Durden Enterprises II Inc - Formally Rail Management Corporation (RMC), based in Panama City Beach, Florida, was a holding company of short line railroads in the southeastern United States.

History 

On May 26, 2005, Genesee and Wyoming (G&W) announced that it has agreed to purchase RMC's railroad operations.

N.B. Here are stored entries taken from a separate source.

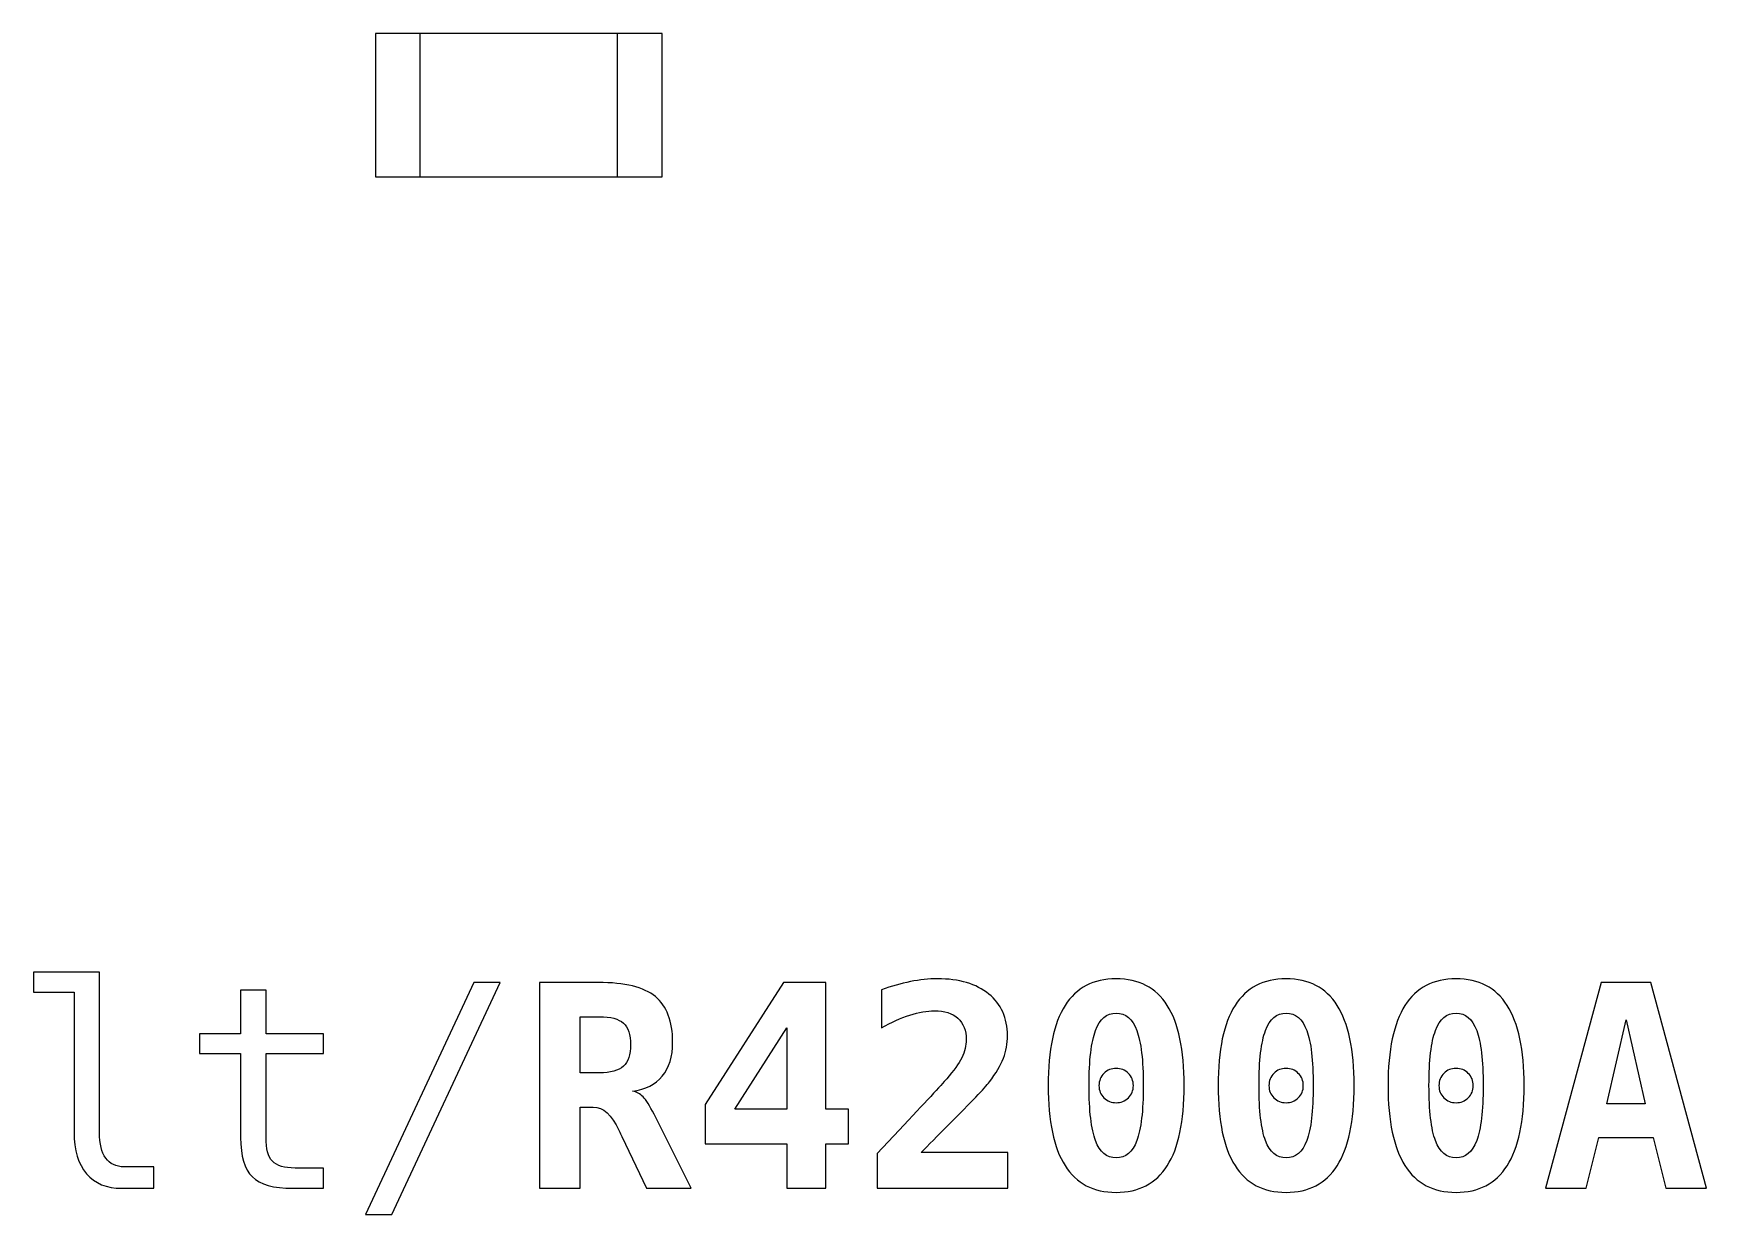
# Model space of a CAD drawing. Extents: x -112.4 to -97.6, y -152.4 to -142.
# Drawn here: x -106.72 to -100.79, y -152.43 to -148.25 of the extents above; entities that cross this region are included whole.
import ezdxf

# ---------------------------------------------------------------- set-up
doc = ezdxf.new("R2010")
doc.units = 0
doc.header["$MEASUREMENT"] = 0
doc.layers.add('LAYER_1', color=7, linetype='CONTINUOUS')

msp = doc.modelspace()

# ---------------------------------------------------------------- linework, layer by layer
at = {"layer": 'LAYER_1', "color": 7}
for points in [[(-105.508, -148.754), (-104.492, -148.754), (-104.492, -148.246), (-105.508, -148.246), (-105.508, -148.754)], [(-105.35, -148.754), (-104.65, -148.754), (-104.65, -148.246), (-105.35, -148.246), (-105.35, -148.754)]]:
    msp.add_lwpolyline(points, close=True, dxfattribs=at)
at = {"layer": 'LAYER_1'}
for points, knots in [([(-106.4853, -152.138), (-106.4853, -152.1784), (-106.4779, -152.2087), (-106.4631, -152.2292), (-106.4631, -152.2292), (-106.4483, -152.2497), (-106.4264, -152.26), (-106.3974, -152.26), (-106.3974, -152.26), (-106.3974, -152.26), (-106.2924, -152.26), (-106.2924, -152.26), (-106.2924, -152.26), (-106.2924, -152.26), (-106.2924, -152.3362), (-106.2924, -152.3362), (-106.2924, -152.3362), (-106.2924, -152.3362), (-106.4061, -152.3362), (-106.4061, -152.3362), (-106.4061, -152.3362), (-106.4599, -152.3362), (-106.5014, -152.3189), (-106.5309, -152.2844), (-106.5309, -152.2844), (-106.5604, -152.2499), (-106.5751, -152.201), (-106.5751, -152.138), (-106.5751, -152.138), (-106.5751, -152.138), (-106.5751, -151.6413), (-106.5751, -151.6413), (-106.5751, -151.6413), (-106.5751, -151.6413), (-106.7191, -151.6413), (-106.7191, -151.6413), (-106.7191, -151.6413), (-106.7191, -151.6413), (-106.7191, -151.571), (-106.7191, -151.571), (-106.7191, -151.571), (-106.7191, -151.571), (-106.4853, -151.571), (-106.4853, -151.571), (-106.4853, -151.571), (-106.4853, -151.571), (-106.4853, -152.138), (-106.4853, -152.138)], [0, 0, 0, 0, 0.083333, 0.083333, 0.083333, 0.083333, 0.166667, 0.166667, 0.166667, 0.166667, 0.25, 0.25, 0.25, 0.25, 0.333333, 0.333333, 0.333333, 0.333333, 0.416667, 0.416667, 0.416667, 0.416667, 0.5, 0.5, 0.5, 0.5, 0.583333, 0.583333, 0.583333, 0.583333, 0.666667, 0.666667, 0.666667, 0.666667, 0.75, 0.75, 0.75, 0.75, 0.833333, 0.833333, 0.833333, 0.833333, 0.916667, 0.916667, 0.916667, 0.916667, 1, 1, 1, 1]), ([(-105.1589, -151.6071), (-105.1589, -151.6071), (-105.066, -151.6071), (-105.066, -151.6071), (-105.066, -151.6071), (-105.066, -151.6071), (-105.4499, -152.429), (-105.4499, -152.429), (-105.4499, -152.429), (-105.4499, -152.429), (-105.5433, -152.429), (-105.5433, -152.429), (-105.5433, -152.429), (-105.5433, -152.429), (-105.1589, -151.6071), (-105.1589, -151.6071)], [0, 0, 0, 0, 0.25, 0.25, 0.25, 0.25, 0.5, 0.5, 0.5, 0.5, 0.75, 0.75, 0.75, 0.75, 1, 1, 1, 1]), ([(-104.597, -151.992), (-104.5826, -151.9948), (-104.5701, -152.0017), (-104.5596, -152.0123), (-104.5596, -152.0123), (-104.549, -152.0228), (-104.5361, -152.0435), (-104.5208, -152.074), (-104.5208, -152.074), (-104.5208, -152.074), (-104.3888, -152.3362), (-104.3888, -152.3362), (-104.3888, -152.3362), (-104.3888, -152.3362), (-104.5471, -152.3362), (-104.5471, -152.3362), (-104.5471, -152.3362), (-104.5471, -152.3362), (-104.635, -152.1522), (-104.635, -152.1522), (-104.635, -152.1522), (-104.6376, -152.147), (-104.6411, -152.1398), (-104.6453, -152.1307), (-104.6453, -152.1307), (-104.671, -152.0757), (-104.7013, -152.0482), (-104.7361, -152.0482), (-104.7361, -152.0482), (-104.7361, -152.0482), (-104.782, -152.0482), (-104.782, -152.0482), (-104.782, -152.0482), (-104.782, -152.0482), (-104.782, -152.3362), (-104.782, -152.3362), (-104.782, -152.3362), (-104.782, -152.3362), (-104.926, -152.3362), (-104.926, -152.3362), (-104.926, -152.3362), (-104.926, -152.3362), (-104.926, -151.6071), (-104.926, -151.6071), (-104.926, -151.6071), (-104.926, -151.6071), (-104.718, -151.6071), (-104.718, -151.6071), (-104.718, -151.6071), (-104.6243, -151.6071), (-104.557, -151.6238), (-104.5161, -151.657), (-104.5161, -151.657), (-104.4753, -151.6901), (-104.4548, -151.7441), (-104.4548, -151.8191), (-104.4548, -151.8191), (-104.4548, -151.8692), (-104.4669, -151.9092), (-104.4915, -151.9388), (-104.4915, -151.9388), (-104.5158, -151.9683), (-104.551, -151.9862), (-104.597, -151.992)], [0, 0, 0, 0, 0.0625, 0.0625, 0.0625, 0.0625, 0.125, 0.125, 0.125, 0.125, 0.1875, 0.1875, 0.1875, 0.1875, 0.25, 0.25, 0.25, 0.25, 0.3125, 0.3125, 0.3125, 0.3125, 0.375, 0.375, 0.375, 0.375, 0.4375, 0.4375, 0.4375, 0.4375, 0.5, 0.5, 0.5, 0.5, 0.5625, 0.5625, 0.5625, 0.5625, 0.625, 0.625, 0.625, 0.625, 0.6875, 0.6875, 0.6875, 0.6875, 0.75, 0.75, 0.75, 0.75, 0.8125, 0.8125, 0.8125, 0.8125, 0.875, 0.875, 0.875, 0.875, 0.9375, 0.9375, 0.9375, 0.9375, 1, 1, 1, 1]), ([(-104.0625, -151.6071), (-104.0625, -151.6071), (-103.9117, -151.6071), (-103.9117, -151.6071), (-103.9117, -151.6071), (-103.9117, -151.6071), (-103.9117, -152.0553), (-103.9117, -152.0553), (-103.9117, -152.0553), (-103.9117, -152.0553), (-103.8317, -152.0553), (-103.8317, -152.0553), (-103.8317, -152.0553), (-103.8317, -152.0553), (-103.8317, -152.1789), (-103.8317, -152.1789), (-103.8317, -152.1789), (-103.8317, -152.1789), (-103.9117, -152.1789), (-103.9117, -152.1789), (-103.9117, -152.1789), (-103.9117, -152.1789), (-103.9117, -152.3362), (-103.9117, -152.3362), (-103.9117, -152.3362), (-103.9117, -152.3362), (-104.0499, -152.3362), (-104.0499, -152.3362), (-104.0499, -152.3362), (-104.0499, -152.3362), (-104.0499, -152.1789), (-104.0499, -152.1789), (-104.0499, -152.1789), (-104.0499, -152.1789), (-104.3391, -152.1789), (-104.3391, -152.1789), (-104.3391, -152.1789), (-104.3391, -152.1789), (-104.3391, -152.0392), (-104.3391, -152.0392), (-104.3391, -152.0392), (-104.3391, -152.0392), (-104.0625, -151.6071), (-104.0625, -151.6071)], [0, 0, 0, 0, 0.090909, 0.090909, 0.090909, 0.090909, 0.181818, 0.181818, 0.181818, 0.181818, 0.272727, 0.272727, 0.272727, 0.272727, 0.363636, 0.363636, 0.363636, 0.363636, 0.454545, 0.454545, 0.454545, 0.454545, 0.545455, 0.545455, 0.545455, 0.545455, 0.636364, 0.636364, 0.636364, 0.636364, 0.727273, 0.727273, 0.727273, 0.727273, 0.818182, 0.818182, 0.818182, 0.818182, 0.909091, 0.909091, 0.909091, 0.909091, 1, 1, 1, 1]), ([(-103.5749, -152.2092), (-103.5749, -152.2092), (-103.2677, -152.2092), (-103.2677, -152.2092), (-103.2677, -152.2092), (-103.2677, -152.2092), (-103.2677, -152.3362), (-103.2677, -152.3362), (-103.2677, -152.3362), (-103.2677, -152.3362), (-103.7306, -152.3362), (-103.7306, -152.3362), (-103.7306, -152.3362), (-103.7306, -152.3362), (-103.7306, -152.213), (-103.7306, -152.213), (-103.7306, -152.213), (-103.7306, -152.213), (-103.6525, -152.1302), (-103.6525, -152.1302), (-103.6525, -152.1302), (-103.5598, -152.0315), (-103.5034, -151.9708), (-103.4836, -151.948), (-103.4836, -151.948), (-103.4593, -151.92), (-103.4416, -151.8952), (-103.4309, -151.8735), (-103.4309, -151.8735), (-103.4201, -151.8518), (-103.4148, -151.8305), (-103.4148, -151.8093), (-103.4148, -151.8093), (-103.4148, -151.7768), (-103.4246, -151.7516), (-103.4443, -151.734), (-103.4443, -151.734), (-103.4639, -151.7161), (-103.4919, -151.7073), (-103.5279, -151.7073), (-103.5279, -151.7073), (-103.5538, -151.7073), (-103.5826, -151.7125), (-103.6146, -151.7226), (-103.6146, -151.7226), (-103.6468, -151.733), (-103.6801, -151.7478), (-103.715, -151.7673), (-103.715, -151.7673), (-103.715, -151.7673), (-103.715, -151.633), (-103.715, -151.633), (-103.715, -151.633), (-103.6801, -151.6203), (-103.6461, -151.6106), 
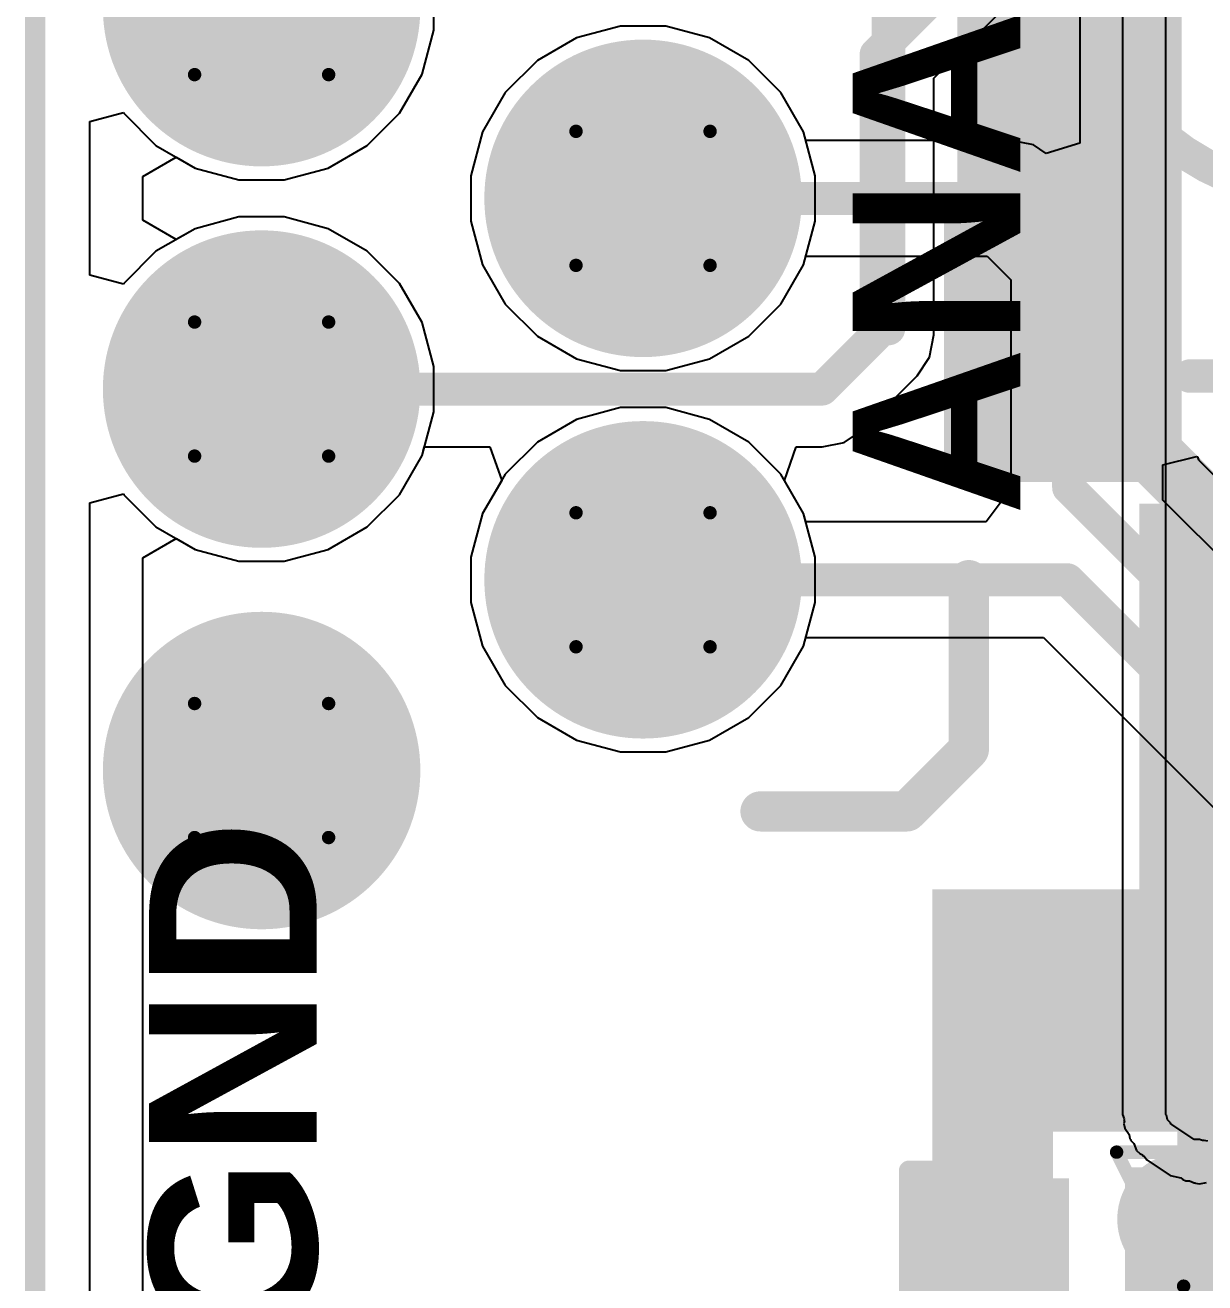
# Model space of a CAD drawing. Header units: inches. Extents: x -35 to 304, y -8 to 63.
# Drawn here: x -0.038 to 4.433, y 0.578 to 5.345 of the extents above; entities that cross this region are included whole.
import ezdxf

# ---------------------------------------------------------------- set-up
doc = ezdxf.new("R2010")
doc.units = ezdxf.units.IN
for name, color, linetype in [('Board Outline', 216, 'Continuous'), ('Bottom Layer', 5, 'Continuous'), ('Bottom Overlay', 54, 'Continuous'), ('Bottom Paste', 16, 'Continuous'), ('Bottom Solder', 6, 'Continuous'), ('Drill Drawing', 1, 'Continuous'), ('Layer 2', 16, 'Continuous'), ('Layer 3', 76, 'Continuous'), ('Multi-Layer', 9, 'Continuous'), ('Pad Holes', 156, 'Continuous'), ('Top Layer', 1, 'Continuous'), ('Top Overlay', 2, 'Continuous'), ('Top Solder', 216, 'Continuous'), ('Via Holes', 16, 'Continuous')]:
    doc.layers.add(name, color=color, linetype=linetype)
doc.styles.add('Arial_Bold', font='', dxfattribs={"height": 0.2})
doc.styles.get('Arial_Bold').set_extended_font_data('Arial', bold=True)

# ---------------------------------------------------------------- blocks, each defined once
blk = doc.blocks.new('S______P____0_5___D___1')
at = {"layer": 'Bottom Layer'}
h = blk.add_hatch(color=5, dxfattribs=at)
edge = h.paths.add_edge_path()
edge.add_arc((0.7228, 1.4457), 0.5, 0, 360)
h = blk.add_hatch(color=5, dxfattribs=at)
edge = h.paths.add_edge_path()
edge.add_arc((2.1685, 1.4457), 0.5, 0, 360)
h = blk.add_hatch(color=5, dxfattribs=at)
edge = h.paths.add_edge_path()
edge.add_arc((3.6142, 1.4457), 0.5, 0, 360)
h = blk.add_hatch(color=5, dxfattribs=at)
edge = h.paths.add_edge_path()
edge.add_arc((0, 0), 0.5, 0, 360)
h = blk.add_hatch(color=5, dxfattribs=at)
edge = h.paths.add_edge_path()
edge.add_arc((1.4457, 0), 0.5, 0, 360)
h = blk.add_hatch(color=5, dxfattribs=at)
edge = h.paths.add_edge_path()
edge.add_arc((2.8913, 0), 0.5, 0, 360)
h = blk.add_hatch(color=5, dxfattribs=at)
edge = h.paths.add_edge_path()
edge.add_arc((4.337, 0), 0.5, 0, 360)
at = {"layer": 'Bottom Solder'}
h = blk.add_hatch(color=6, dxfattribs=at)
edge = h.paths.add_edge_path()
edge.add_arc((0.7228, 1.4457), 0.6016, 0, 360)
h = blk.add_hatch(color=6, dxfattribs=at)
edge = h.paths.add_edge_path()
edge.add_arc((2.1685, 1.4457), 0.6016, 0, 360)
h = blk.add_hatch(color=6, dxfattribs=at)
edge = h.paths.add_edge_path()
edge.add_arc((3.6142, 1.4457), 0.6016, 0, 360)
h = blk.add_hatch(color=6, dxfattribs=at)
edge = h.paths.add_edge_path()
edge.add_arc((0, 0), 0.6016, 0, 360)
h = blk.add_hatch(color=6, dxfattribs=at)
edge = h.paths.add_edge_path()
edge.add_arc((1.4457, 0), 0.6016, 0, 360)
h = blk.add_hatch(color=6, dxfattribs=at)
edge = h.paths.add_edge_path()
edge.add_arc((2.8913, 0), 0.6016, 0, 360)
h = blk.add_hatch(color=6, dxfattribs=at)
edge = h.paths.add_edge_path()
edge.add_arc((4.337, 0), 0.6016, 0, 360)
at = {"layer": 'Layer 2'}
h = blk.add_hatch(color=16, dxfattribs=at)
edge = h.paths.add_edge_path()
edge.add_arc((0.7228, 1.4457), 0.5, 0, 360)
h = blk.add_hatch(color=16, dxfattribs=at)
edge = h.paths.add_edge_path()
edge.add_arc((2.1685, 1.4457), 0.5, 0, 360)
h = blk.add_hatch(color=16, dxfattribs=at)
edge = h.paths.add_edge_path()
edge.add_arc((3.6142, 1.4457), 0.5, 0, 360)
h = blk.add_hatch(color=16, dxfattribs=at)
edge = h.paths.add_edge_path()
edge.add_arc((0, 0), 0.5, 0, 360)
h = blk.add_hatch(color=16, dxfattribs=at)
edge = h.paths.add_edge_path()
edge.add_arc((1.4457, 0), 0.5, 0, 360)
h = blk.add_hatch(color=16, dxfattribs=at)
edge = h.paths.add_edge_path()
edge.add_arc((2.8913, 0), 0.5, 0, 360)
h = blk.add_hatch(color=16, dxfattribs=at)
edge = h.paths.add_edge_path()
edge.add_arc((4.337, 0), 0.5, 0, 360)
at = {"layer": 'Layer 3'}
h = blk.add_hatch(color=76, dxfattribs=at)
edge = h.paths.add_edge_path()
edge.add_arc((0.7228, 1.4457), 0.5, 0, 360)
h = blk.add_hatch(color=76, dxfattribs=at)
edge = h.paths.add_edge_path()
edge.add_arc((2.1685, 1.4457), 0.5, 0, 360)
h = blk.add_hatch(color=76, dxfattribs=at)
edge = h.paths.add_edge_path()
edge.add_arc((3.6142, 1.4457), 0.5, 0, 360)
h = blk.add_hatch(color=76, dxfattribs=at)
edge = h.paths.add_edge_path()
edge.add_arc((0, 0), 0.5, 0, 360)
h = blk.add_hatch(color=76, dxfattribs=at)
edge = h.paths.add_edge_path()
edge.add_arc((1.4457, 0), 0.5, 0, 360)
h = blk.add_hatch(color=76, dxfattribs=at)
edge = h.paths.add_edge_path()
edge.add_arc((2.8913, 0), 0.5, 0, 360)
h = blk.add_hatch(color=76, dxfattribs=at)
edge = h.paths.add_edge_path()
edge.add_arc((4.337, 0), 0.5, 0, 360)
at = {"layer": 'Multi-Layer'}
h = blk.add_hatch(color=9, dxfattribs=at)
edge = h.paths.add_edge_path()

G&W will pay $243 million in cash and assume $1.7 million in company debt to gain control of 14 short line railroads from RMC across the southeastern United States, as of June 1, 2005. The owners of RMC would then use cash derived from the sale to purchase several radio stations, including WILN, WKMX, KDAY, and WYYX among others.

Holdings 
RMC held controlling interests in the following railroads:
AN Railway
Atlantic and Western Railway
Bay Line Railroad
Copper Basin Railway 
East Tennessee Railway
Galveston Railroad
Georgia Central Railway
Kentucky West Tennessee (KWT)
Little Rock and Western Railway
Meridian and Bigbee Railroad
Tomahawk Railway
Valdosta Railway
Western Kentucky Railway
Wilmington Terminal Railroad

References 
 Genesee and Wyoming, Inc. (May 26, 2005), Genesee & Wyoming Announces Agreement to Acquire Short Line and Port Railroads from Rail Management Corporation. Retrieved May 27, 2005.
 Trains News Wire (May 26, 2005), G&W to acquire Rail Management Corp. rail operations. Retrieved May 27, 2005.